╭──

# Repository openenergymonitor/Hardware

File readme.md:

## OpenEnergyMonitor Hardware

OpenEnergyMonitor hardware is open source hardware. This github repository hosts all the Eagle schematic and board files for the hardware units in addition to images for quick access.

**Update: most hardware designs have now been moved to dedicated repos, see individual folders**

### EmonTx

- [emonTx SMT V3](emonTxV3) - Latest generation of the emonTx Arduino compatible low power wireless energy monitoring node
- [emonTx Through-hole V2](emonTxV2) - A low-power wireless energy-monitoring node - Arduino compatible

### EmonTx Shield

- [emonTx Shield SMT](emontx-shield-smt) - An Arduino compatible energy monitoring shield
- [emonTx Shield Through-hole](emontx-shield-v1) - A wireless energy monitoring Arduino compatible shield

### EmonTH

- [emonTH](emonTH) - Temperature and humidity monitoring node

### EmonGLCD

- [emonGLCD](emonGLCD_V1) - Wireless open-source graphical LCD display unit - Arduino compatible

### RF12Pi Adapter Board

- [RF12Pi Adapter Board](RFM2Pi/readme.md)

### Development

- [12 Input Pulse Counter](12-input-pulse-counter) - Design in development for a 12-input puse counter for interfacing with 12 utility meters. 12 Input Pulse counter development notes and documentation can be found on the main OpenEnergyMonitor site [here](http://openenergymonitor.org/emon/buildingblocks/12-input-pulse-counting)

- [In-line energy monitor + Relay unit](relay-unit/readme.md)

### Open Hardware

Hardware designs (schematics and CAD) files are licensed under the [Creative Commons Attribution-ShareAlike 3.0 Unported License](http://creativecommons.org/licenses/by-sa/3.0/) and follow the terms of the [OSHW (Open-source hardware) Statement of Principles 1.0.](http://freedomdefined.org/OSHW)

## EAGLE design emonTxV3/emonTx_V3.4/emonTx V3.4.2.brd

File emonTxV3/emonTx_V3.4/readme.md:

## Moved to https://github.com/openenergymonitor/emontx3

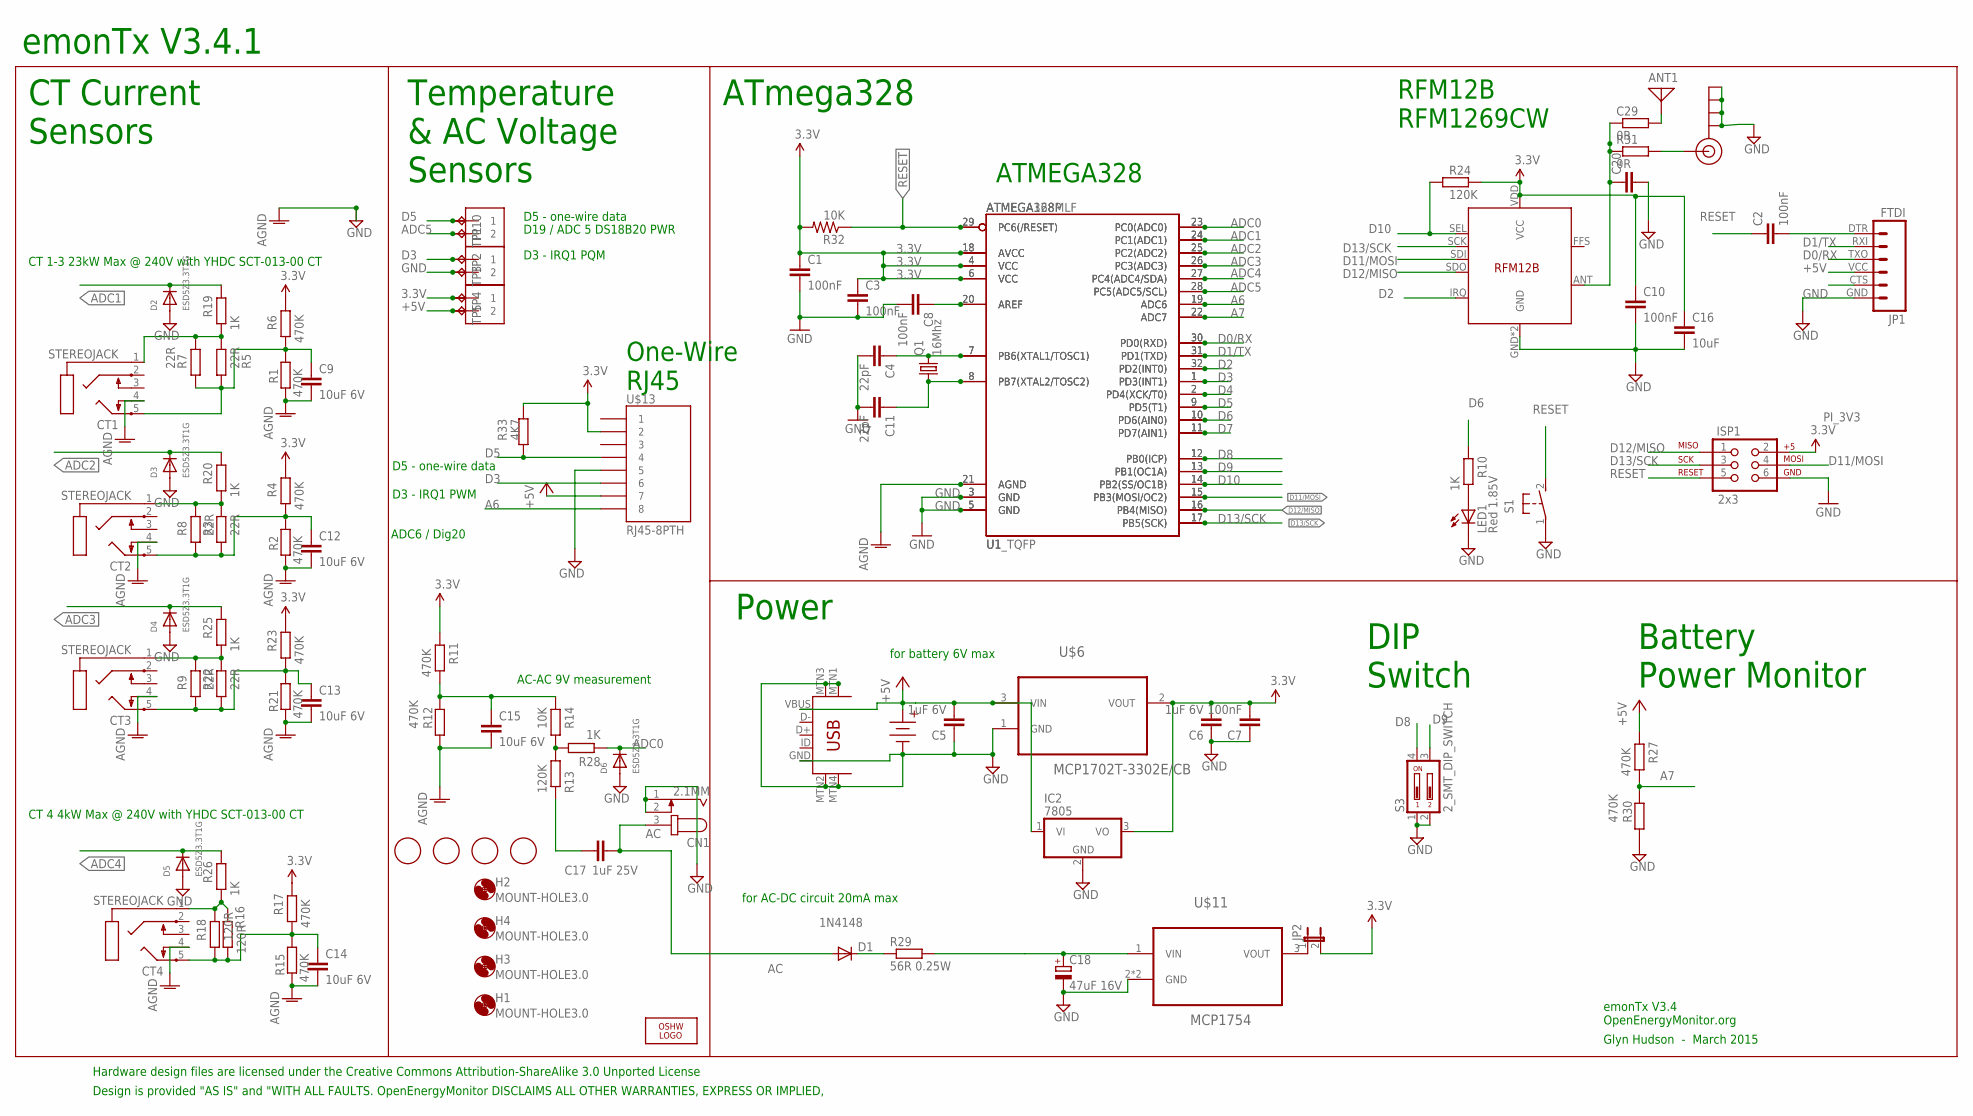
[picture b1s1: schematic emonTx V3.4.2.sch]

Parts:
ANT1: ANTENNA; PAD-01
C1, C2, C3, C7, C8, C10: 100nF; C0603
C4, C11: 22pF; C0603
C5, C6: 1uF 6V; C0603
C9, C12, C13, C14, C15: 10uF 6V; C0603
C16: 10uF; C0603
C17: 1uF 25V; C0603
C18: 47uF 16V; PANASONIC_D
C20: ant tune?; C0603
C29: 0R; R0603
CN1: 2.1MM; SPC4077
CT1, CT2, CT3, CT4: STEREOJACK; STX3100
D1: 1N4148; SOD-323
D2, D3, D4, D5, D6: ESD5Z3.3T1G; SOD-523
H1, H2, H3, H4: MOUNT-HOLE3.0; 3,0
IC2: 7805; TO220V
ISP1: 2x3; 2X3
J3, J5, J6: 1X2-3.5MM
J$1: SMA_EDGE; SMA-EDGE
JP1: FTDI; FTDI_BASIC
JP2: JUMPER-2PTH_LOCK; 1X02_LOCK
LED1: Red 1.85V; CHIP-LED0805
LOGO1: OSHW_LOGO_6MILX0200-NT; OSHW_6X200_NOTEXT
Q1: 16Mhz; HC49UP
R1, R2, R4, R6, R11, R12, R15, R17, R21, R23, R27, R30: 470K; R0603
R3, R5, R22: 22R; 0204/7
R7, R8, R9: 22R; R1206
R10, R19, R20, R25, R26, R28: 1K; R0603
R13, R24: 120K; R0603
R14, R32: 10K; R0603
R16: 120R; 0204/7
R18: 120R; R1206
R29: 56R 0.25W; R1206
R31: 0R; R0603
R33: 4K7; R0603
S1: 31-XX; B3F-31XX
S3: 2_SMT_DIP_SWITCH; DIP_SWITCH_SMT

╰──

** Instructions for the task **
All lines from the one with "J3, J5, J6: 1X2-3.5MM" to the end of the records must be set down exactly. Skip every line before it.

** Completed task **
J3, J5, J6: 1X2-3.5MM
J$1: SMA_EDGE; SMA-EDGE
JP1: FTDI; FTDI_BASIC
JP2: JUMPER-2PTH_LOCK; 1X02_LOCK
LED1: Red 1.85V; CHIP-LED0805
LOGO1: OSHW_LOGO_6MILX0200-NT; OSHW_6X200_NOTEXT
Q1: 16Mhz; HC49UP
R1, R2, R4, R6, R11, R12, R15, R17, R21, R23, R27, R30: 470K; R0603
R3, R5, R22: 22R; 0204/7
R7, R8, R9: 22R; R1206
R10, R19, R20, R25, R26, R28: 1K; R0603
R13, R24: 120K; R0603
R14, R32: 10K; R0603
R16: 120R; 0204/7
R18: 120R; R1206
R29: 56R 0.25W; R1206
R31: 0R; R0603
R33: 4K7; R0603
S1: 31-XX; B3F-31XX
S3: 2_SMT_DIP_SWITCH; DIP_SWITCH_SMT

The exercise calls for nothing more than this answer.